Operators in Java

Question

I am studying operators in Java and I have a problem that I can't solve.

    public static boolean first(){
       System.out.println("first");
       return true;
   }
   public static boolean second(){
       System.out.println("second");
       return true;
   }
   public static boolean third(){
       System.out.println("third");
       return true;
   }
    public static void main(String[] args) {
       if(first() && second() | third()){
           //Do something
       }
    }

The output is "first second third". I think it shoud be "second third first" because | is greater than &&. I don't know where is my mistake but obviously there is one.

Answer 1

Don't confuse operator precedence with evaluation order.
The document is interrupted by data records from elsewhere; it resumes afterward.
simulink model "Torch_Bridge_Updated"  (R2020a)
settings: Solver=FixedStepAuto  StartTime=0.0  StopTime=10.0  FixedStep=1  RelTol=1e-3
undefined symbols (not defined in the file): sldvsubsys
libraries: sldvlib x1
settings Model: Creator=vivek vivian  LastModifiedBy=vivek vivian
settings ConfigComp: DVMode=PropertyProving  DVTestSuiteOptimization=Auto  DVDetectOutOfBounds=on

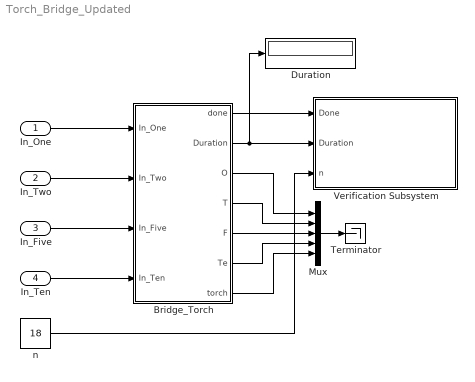
== system Torch_Bridge_Updated ==
  In_One : Inport
  In_Two : Inport  Port=2
  In_Five : Inport  Port=3
  In_Ten : Inport  Port=4
  Bridge_Torch : Stateflow chart  TreatAsAtomicUnit=on
  Duration : Display
  Mux : Mux  Inputs=5
  Terminator : Terminator
  Verification Subsystem : Subsystem  Tag=VerificationSubsystem  DisableCoverage=on  LoadFcn=sldvsubsys('check')  TreatAsAtomicUnit=on  SimViewingDevice=on  mask(VerificationSubsystem){}
      mask init:
      | sldvsubsys('maskInit');
      settings: CopyFcn=sldvsubsys('copy');  OpenFcn=open_system(gcb,'force');
      settings: PreSaveFcn=|
      | set_param(gcb,'SimViewingDevice','on');
      | sldvsubsys('check');
      mask Help: helpview(fullfile(docroot,'toolbox','sldv','sldv.map'),'verificationsubsystem')
      mask Display: image(imread('sldvicon_versubsys.png','BackGroundColor',[1 1 1]),'center');
  n : Constant  Value=18
  wires:
  In_Two/1 -> Bridge_Torch/2(In_Two)
  In_Five/1 -> Bridge_Torch/3(In_Five)
  In_Ten/1 -> Bridge_Torch/4(In_Ten)
  In_One/1 -> Bridge_Torch/1(In_One)
  Bridge_Torch/1(done) -> Verification Subsystem/1(Done)
  Bridge_Torch/2(Duration) -> Duration/1, Verification Subsystem/2(Duration)
  n/1 -> Verification Subsystem/3(n)
  Bridge_Torch/3(O) -> Mux/1
  Bridge_Torch/4(T) -> Mux/2
  Bridge_Torch/5(F) -> Mux/3
  Bridge_Torch/6(Te) -> Mux/4
  Mux/1 -> Terminator/1
  Bridge_Torch/7(torch) -> Mux/5

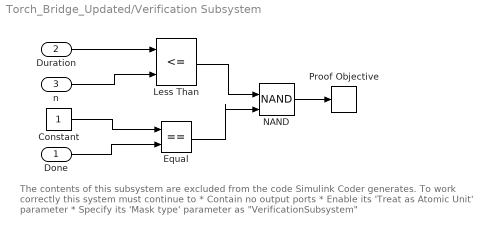
== system Torch_Bridge_Updated/Verification Subsystem ==
  note: The contents of this subsystem are excluded from the code Simulink Coder
      | generates.
      |
      | To work correctly this system must continue to
      | * Contain no output ports
      | * Enable its 'Treat as Atomic Unit' parameter
      | * Specify its 'Mask type' parameter as "VerificationSubsystem"
  Done : Inport
  Duration : Inport  Port=2
  n : Inport  Port=3
  Constant : Constant
  Equal : RelationalOperator  Operator===  OutDataTypeStr=boolean  RndMeth=Simplest
  Less Than : RelationalOperator  Operator=<=  OutDataTypeStr=boolean  RndMeth=Simplest
  NAND : Logic  Operator=NAND  IconShape=distinctive  AllPortsSameDT=off  OutDataTypeStr=boolean
  Proof Objective : sldvlib/Objectives and Constraints/Proof Objective  enabled=on  customAVTBlockType=Proof Objective  intervals=true  dispValues=on  outEnabled=off  enableStopSim=off
      settings: AttributesFormatString=%<intervals>  SourceProductBaseCode=SL
  wires:
  Duration/1 -> Less Than/1
  n/1 -> Less Than/2
  Done/1 -> Equal/2
  Constant/1 -> Equal/1
  Equal/1 -> NAND/2
  Less Than/1 -> NAND/1
  NAND/1 -> Proof Objective/1

== stateflow chart Torch_Bridge_Updated/Bridge_Torch ==
  settings: executeAtInitialization=1
  state Side_A
  state Destination
  (default) -> Side_A : {O=0;T=0;F=0;Te=0;done=0;torch=0;Tick=0;Duration=0;}
  Side_A -> (junction 129) : {criteria()}
  (junction 129) -> (junction 124) [order 2]
  (junction 129) -> (junction 124) [order 1] : [In_One && O==torch]{O=!O;Tick=1;}
  (junction 124) -> (junction 118) [order 1] : [In_Two && T==torch]{T=!T;Tick=2;}
  (junction 124) -> (junction 118) [order 2]
  (junction 118) -> (junction 121) [order 2]
  (junction 118) -> (junction 121) [order 1] : [In_Five && F==torch]{F=!F;Tick=5;}
  (junction 121) -> (junction 117) [order 2]
  (junction 121) -> (junction 117) [order 1] : [In_Ten && Te==torch]{Te=!Te;Tick=10;}
  (junction 117) -> (junction 130) : {Duration=Duration+Tick;}
  (junction 130) -> Side_A [order 2] : {torch=!torch;Tick=0;}
  (junction 130) -> Destination [order 1] : [O==1 && T==1 && F==1 && Te==1]{done=1}
  data: In_One input boolean; In_Two input boolean; In_Five input boolean; In_Ten input boolean; done output boolean; Tick local double; Duration output double; O output boolean; T output boolean; F output boolean; Te output boolean; torch output boolean
  function criteria:
    | function criteria()
    | sldv.assume(In_One+In_Two+In_Five+In_Ten <= 2);
    | sldv.assume(In_One+In_Two+In_Five+In_Ten > 0);
    | sldv.assume((In_One && O==torch) || (In_Two && T==torch) || (In_Five && F==torch)|| (In_Ten && Te==torch));
    | end

Java always evaluates expressions left-to-right:

The Java programming language guarantees that the operands of operators appear to be evaluated in a specific evaluation order, namely, from left to right.

So, the output is:

first
second
third

because of the order that the method calls are in the expression:

first() && second() | third()

The actual operators used (&&, | or ||) is irrelevant to the order. A different choice of operators might result in some lines not being printed, but those that are printed will be in this order.

Answer 2

first() && second() | third() is evaluated as first() && (second() | third()) due to operator precedence. And evaluation takes place from left to right, so first() is evaluated first, followed by (second() | third()). In evaluating this latter term, both arguments are evaluated (again starting from the left), since first() is true, and there is no short-circuiting for the | operator.

Did you mean to use a single |?

The less idiosyncratic first() && second() || third() is evaluated as (first() && second()) || third(). first() and second() are both evaluated in this instance (and in that order) since first() returns true. Since second() also returns true, third() would not be evaluated.